▶ _WORK REQUEST_
Please copy out the entries below exactly, beginning with the line that contains "#21823 = ORIENTED_EDGE" and ending with the line that contains "#25278 = CARTESIAN_POINT", and include nothing outside that span.

▶ _DATA TO USE_
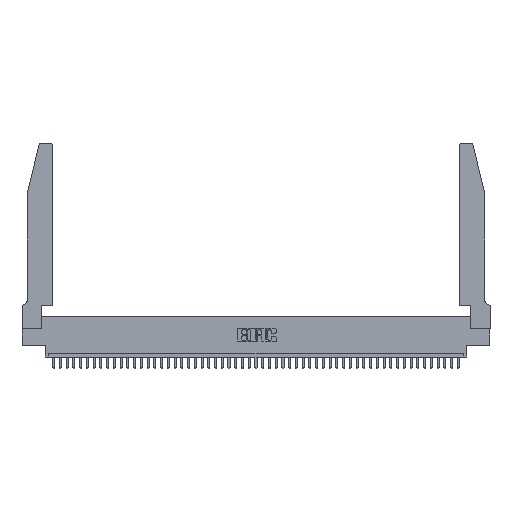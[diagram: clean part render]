
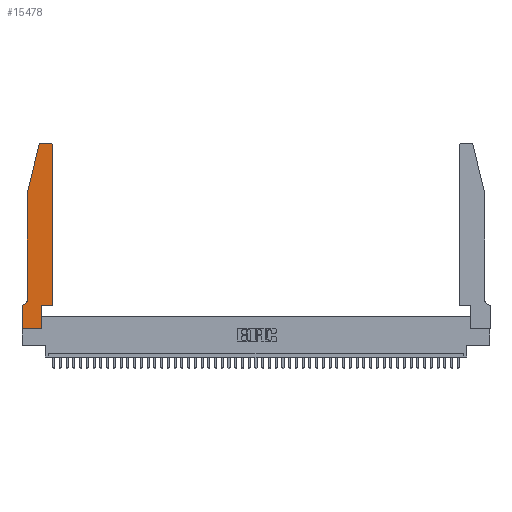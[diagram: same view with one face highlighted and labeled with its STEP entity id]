
A CAD part, top view. The second image highlights one B-rep face of the part: STEP entity #15478.
In plain terms, the highlighted planar face has unit normal (0, 0, 1).
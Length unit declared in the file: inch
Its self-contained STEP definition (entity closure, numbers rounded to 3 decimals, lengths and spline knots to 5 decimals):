
#88 = ORIENTED_EDGE ( 'NONE', *, *, #6962, .T. ) ;
#566 = CARTESIAN_POINT ( 'NONE',  ( 0., 0.35, 0.37 ) ) ;
#2548 = LINE ( 'NONE', #25278, #21240 ) ;
#2720 = DIRECTION ( 'NONE',  ( 0., 1., 0. ) ) ;
#3032 = VERTEX_POINT ( 'NONE', #42232 ) ;
#3805 = AXIS2_PLACEMENT_3D ( 'NONE', #36705, #41069, #40446 ) ;
#4126 = LINE ( 'NONE', #10552, #36232 ) ;
#6044 = VECTOR ( 'NONE', #23524, 39.37008 ) ;
#6074 = VERTEX_POINT ( 'NONE', #7845 ) ;
#6962 = EDGE_CURVE ( 'NONE', #32405, #3032, #40189, .T. ) ;
#7144 = CARTESIAN_POINT ( 'NONE',  ( 0.0055, 0.42, 0.37 ) ) ;
#7160 = EDGE_CURVE ( 'NONE', #43661, #17790, #11598, .T. ) ;
#7193 = LINE ( 'NONE', #15904, #6044 ) ;
#7311 = CARTESIAN_POINT ( 'NONE',  ( 0.2605, 2.75, 0.37 ) ) ;
#7845 = CARTESIAN_POINT ( 'NONE',  ( 0.2865, 0., 0.37 ) ) ;
#8034 = CIRCLE ( 'NONE', #22942, 0.03 ) ;
#9310 = DIRECTION ( 'NONE',  ( -1., 0., 0. ) ) ;
#9410 = VECTOR ( 'NONE', #21468, 39.37008 ) ;
#9710 = CARTESIAN_POINT ( 'NONE',  ( 0., 0.35, 0.37 ) ) ;
#10404 = ORIENTED_EDGE ( 'NONE', *, *, #36614, .T. ) ;
#10552 = CARTESIAN_POINT ( 'NONE',  ( 0.0755, 2., 0.37 ) ) ;
#10879 = DIRECTION ( 'NONE',  ( -1., 0., 0. ) ) ;
#11598 = LINE ( 'NONE', #15957, #30310 ) ;
#11695 = CIRCLE ( 'NONE', #18827, 0.07 ) ;
#13011 = EDGE_CURVE ( 'NONE', #21215, #30561, #38854, .T. ) ;
#13251 = LINE ( 'NONE', #7311, #25518 ) ;
#14350 = DIRECTION ( 'NONE',  ( 0., 0., -1. ) ) ;
#14723 = VERTEX_POINT ( 'NONE', #16777 ) ;
#14812 = VERTEX_POINT ( 'NONE', #39039 ) ;
#15478 = ADVANCED_FACE ( 'NONE', ( #28745 ), #26694, .T. ) ;
#15545 = CARTESIAN_POINT ( 'NONE',  ( 0., 0., 0.37 ) ) ;
#15624 = VECTOR ( 'NONE', #9310, 39.37008 ) ;
#15684 = ORIENTED_EDGE ( 'NONE', *, *, #27631, .T. ) ;
#15904 = CARTESIAN_POINT ( 'NONE',  ( 0., 0., 0.37 ) ) ;
#15957 = CARTESIAN_POINT ( 'NONE',  ( 0.4505, 0.35, 0.37 ) ) ;
#16777 = CARTESIAN_POINT ( 'NONE',  ( 0.284, 2.75, 0.37 ) ) ;
#17431 = CARTESIAN_POINT ( 'NONE',  ( 0.4505, 0.35, 0.37 ) ) ;
#17790 = VERTEX_POINT ( 'NONE', #17431 ) ;
#18008 = DIRECTION ( 'NONE',  ( 0., 0., 1. ) ) ;
#18670 = ORIENTED_EDGE ( 'NONE', *, *, #43840, .T. ) ;
#18827 = AXIS2_PLACEMENT_3D ( 'NONE', #7144, #14350, #10879 ) ;
#19296 = LINE ( 'NONE', #43368, #9410 ) ;
#19602 = ORIENTED_EDGE ( 'NONE', *, *, #7160, .T. ) ;
#20277 = VERTEX_POINT ( 'NONE', #28497 ) ;
#20311 = VECTOR ( 'NONE', #39492, 39.37008 ) ;
#21215 = VERTEX_POINT ( 'NONE', #9710 ) ;
#21240 = VECTOR ( 'NONE', #2720, 39.37008 ) ;
#21468 = DIRECTION ( 'NONE',  ( 0., 1., 0. ) ) ;
#21823 = ORIENTED_EDGE ( 'NONE', *, *, #35399, .T. ) ;
#21848 = ORIENTED_EDGE ( 'NONE', *, *, #22496, .T. ) ;
#22496 = EDGE_CURVE ( 'NONE', #6074, #43661, #19296, .T. ) ;
#22669 = ORIENTED_EDGE ( 'NONE', *, *, #40608, .T. ) ;
#22921 = DIRECTION ( 'NONE',  ( 1., 0., 0. ) ) ;
#22942 = AXIS2_PLACEMENT_3D ( 'NONE', #32560, #18008, #44121 ) ;
#23524 = DIRECTION ( 'NONE',  ( 1., 0., 0. ) ) ;
#24866 = CARTESIAN_POINT ( 'NONE',  ( 0.0755, 0.42, 0.37 ) ) ;
#25278 = CARTESIAN_POINT ( 'NONE',  ( 0.4505, 0.35, 0.37 ) ) ;
#25518 = VECTOR ( 'NONE', #44655, 39.37008 ) ;
#25780 = VERTEX_POINT ( 'NONE', #24866 ) ;
#26415 = ORIENTED_EDGE ( 'NONE', *, *, #13011, .T. ) ;
#26441 = CARTESIAN_POINT ( 'NONE',  ( 0.0055, 0.35, 0.37 ) ) ;
#26443 = DIRECTION ( 'NONE',  ( 0., -1., 0. ) ) ;
#26694 = PLANE ( 'NONE',  #39971 ) ;
#27224 = ORIENTED_EDGE ( 'NONE', *, *, #38644, .T. ) ;
#27432 = CARTESIAN_POINT ( 'NONE',  ( 0.0755, 0.35, 0.37 ) ) ;
#27631 = EDGE_CURVE ( 'NONE', #25780, #32143, #11695, .T. ) ;
#28424 = CARTESIAN_POINT ( 'NONE',  ( 0.25487, 2.72718, 0.37 ) ) ;
#28497 = CARTESIAN_POINT ( 'NONE',  ( 0.4505, 2.72, 0.37 ) ) ;
#28745 = FACE_OUTER_BOUND ( 'NONE', #44718, .T. ) ;
#30133 = DIRECTION ( 'NONE',  ( 1., 0., 0. ) ) ;
#30310 = VECTOR ( 'NONE', #22921, 39.37008 ) ;
#30561 = VERTEX_POINT ( 'NONE', #37762 ) ;
#30996 = EDGE_CURVE ( 'NONE', #20277, #14812, #8034, .T. ) ;
#31943 = CIRCLE ( 'NONE', #3805, 0.03 ) ;
#32143 = VERTEX_POINT ( 'NONE', #26441 ) ;
#32405 = VERTEX_POINT ( 'NONE', #28424 ) ;
#32560 = CARTESIAN_POINT ( 'NONE',  ( 0.4205, 2.72, 0.37 ) ) ;
#34161 = VECTOR ( 'NONE', #26443, 39.37008 ) ;
#35399 = EDGE_CURVE ( 'NONE', #32143, #21215, #35485, .T. ) ;
#35485 = LINE ( 'NONE', #27432, #15624 ) ;
#35905 = CARTESIAN_POINT ( 'NONE',  ( 0.0755, 2., 0.37 ) ) ;
#36232 = VECTOR ( 'NONE', #48362, 39.37008 ) ;
#36260 = ORIENTED_EDGE ( 'NONE', *, *, #30996, .T. ) ;
#36614 = EDGE_CURVE ( 'NONE', #17790, #20277, #2548, .T. ) ;
#36705 = CARTESIAN_POINT ( 'NONE',  ( 0.284, 2.72, 0.37 ) ) ;
#37762 = CARTESIAN_POINT ( 'NONE',  ( 0., 0., 0.37 ) ) ;
#38644 = EDGE_CURVE ( 'NONE', #3032, #25780, #4126, .T. ) ;
#38854 = LINE ( 'NONE', #15545, #34161 ) ;
#39039 = CARTESIAN_POINT ( 'NONE',  ( 0.4205, 2.75, 0.37 ) ) ;
#39492 = DIRECTION ( 'NONE',  ( -0.239, -0.971, 0. ) ) ;
#39971 = AXIS2_PLACEMENT_3D ( 'NONE', #566, #41860, #30133 ) ;
#40189 = LINE ( 'NONE', #35905, #20311 ) ;
#40446 = DIRECTION ( 'NONE',  ( 1., 0., 0. ) ) ;
#40608 = EDGE_CURVE ( 'NONE', #30561, #6074, #7193, .T. ) ;
#41069 = DIRECTION ( 'NONE',  ( 0., 0., 1. ) ) ;
#41860 = DIRECTION ( 'NONE',  ( 0., 0., 1. ) ) ;
#42232 = CARTESIAN_POINT ( 'NONE',  ( 0.0755, 2., 0.37 ) ) ;
#43368 = CARTESIAN_POINT ( 'NONE',  ( 0.2865, 0.35, 0.37 ) ) ;
#43661 = VERTEX_POINT ( 'NONE', #43723 ) ;
#43723 = CARTESIAN_POINT ( 'NONE',  ( 0.2865, 0.35, 0.37 ) ) ;
#43840 = EDGE_CURVE ( 'NONE', #14812, #14723, #13251, .T. ) ;
#43852 = EDGE_CURVE ( 'NONE', #14723, #32405, #31943, .T. ) ;
#44121 = DIRECTION ( 'NONE',  ( 1., 0., 0. ) ) ;
#44655 = DIRECTION ( 'NONE',  ( -1., 0., 0. ) ) ;
#44718 = EDGE_LOOP ( 'NONE', ( #18670, #47516, #88, #27224, #15684, #21823, #26415, #22669, #21848, #19602, #10404, #36260 ) ) ;
#47516 = ORIENTED_EDGE ( 'NONE', *, *, #43852, .T. ) ;
#48362 = DIRECTION ( 'NONE',  ( 0., -1., 0. ) ) ;

▶ _TASK OUTPUT_
#21823 = ORIENTED_EDGE ( 'NONE', *, *, #35399, .T. ) ;
#21848 = ORIENTED_EDGE ( 'NONE', *, *, #22496, .T. ) ;
#22496 = EDGE_CURVE ( 'NONE', #6074, #43661, #19296, .T. ) ;
#22669 = ORIENTED_EDGE ( 'NONE', *, *, #40608, .T. ) ;
#22921 = DIRECTION ( 'NONE',  ( 1., 0., 0. ) ) ;
#22942 = AXIS2_PLACEMENT_3D ( 'NONE', #32560, #18008, #44121 ) ;
#23524 = DIRECTION ( 'NONE',  ( 1., 0., 0. ) ) ;
#24866 = CARTESIAN_POINT ( 'NONE',  ( 0.0755, 0.42, 0.37 ) ) ;
#25278 = CARTESIAN_POINT ( 'NONE',  ( 0.4505, 0.35, 0.37 ) ) ;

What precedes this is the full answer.